My father had to look away. He had always said I looked like her. "No, Brodie. She's not coming home . . . even if she wants to." He stood up with me in his arms and nodded to Nanny. Our driver opened the back door for the three of us. I was trying to be corporative for everyone like Nanny said I should be, but as we pulled away from the grave I couldn't help it.

I turned in the seat on my knees and placed my hands on the rear window. "Mummy," I said quietly, "Mummy," a little louder.

"Sit down, boy," Nanny reprimands sternly.

Her voice wasn't focused. The rain streamed down the window making it harder to see my mother.

"Mummy!" I scream. "No, Mummy! Come back! Come back!"
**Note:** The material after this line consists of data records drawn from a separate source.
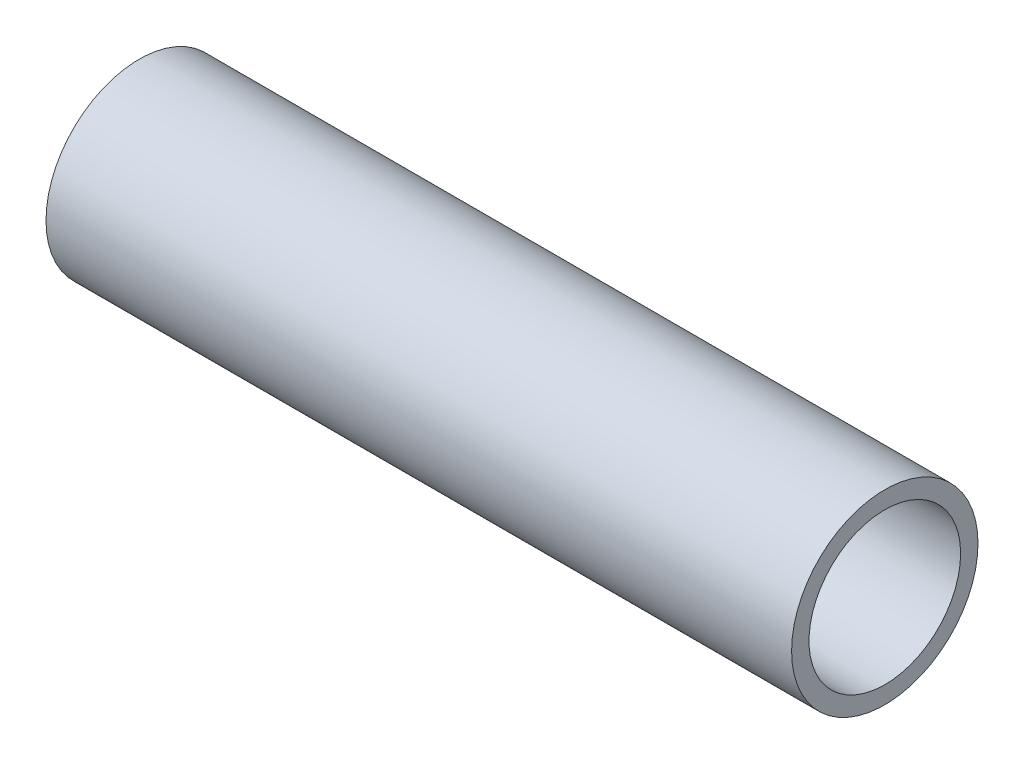
SolidWorks part; units mm, degrees
material "AISI 316 Stainless Steel Sheet (SS)"
ref_plane "Front" through (0, 0, 0) normal (0, 0, 1) x (1, 0, 0)
ref_plane "Top" through (0, 0, 0) normal (0, 1, 0) x (1, 0, 0)
ref_plane "Right" through (0, 0, 0) normal (1, 0, 0) x (0, 0, -1)
sketch "Sketch1" plane through (0, 0, 0) normal (1, 0, 0) x (0, 0, -1)
  circle A0 centre (0, 0) radius 4.7625
  circle A1 centre (0, 0) radius 3.8735
  point P4 (4.7625, 0)
  point P5 (3.8735, 0)
  dimension "OD" = 9.525
  dimension "ID" = 7.747
  dimension "Wall" = 0.889
extrude "Extrude1" add sketch "Sketch1" along normal mid plane 38.1
sketch "Sketch2" plane through (0, 0, 0) normal (0, 0, 1) x (1, 0, 0)
  line L0 (-19.05, 0) -> (19.05, 0) construction
  line L1 (-19.05, 4.7625) -> (-19.05, -4.7625) construction

Nanny grabs me by the hips and sits me back down. "Now listen, child, your mother is dead. She's gone and she's not coming back. Now you can either whine about it all you want, or you can turn it off and move on."

I couldn't turn it off. What did that even mean to a seven-year-old boy who had just hurried his mother?

Camila Turner
1929-1956

~•~•~•~

"I do," My father and Esther said as one.

"I now pronounce you Mr. and Mrs. Turner," Father Downing called.

The crowd rose to cheer, including Dylan who sat beside me. Lawrence sat on my other side. He wasn't any happier than I was.

"I guess we're brothers now," he said as our parents walked down the aisle.

"You're not my brother."

Dylan grabbed my hand and there it was. A warm feeling, like a blanket or a hug. It was also a feeling of dying. But if this was dying then I wasn't scared. Dylan pulled me up and down the aisle after my dad. This was what I needed. I didn't need anyone else or care about anything happening anymore. I just needed Dylan and only Dylan.

"Dyl, I have something to tell you. . . ."

"Brodie," my dad called, "you and Lawrence come here for a family picture."

Family, he called us. We weren't a family. I had a family and they died the day my mum did. Only Dylan.

Lawrence and I stepped up to stand with our parents. I wasn't ever tall and that was only made more apparent when Lawrence, who was two years younger than me, was almost as tall.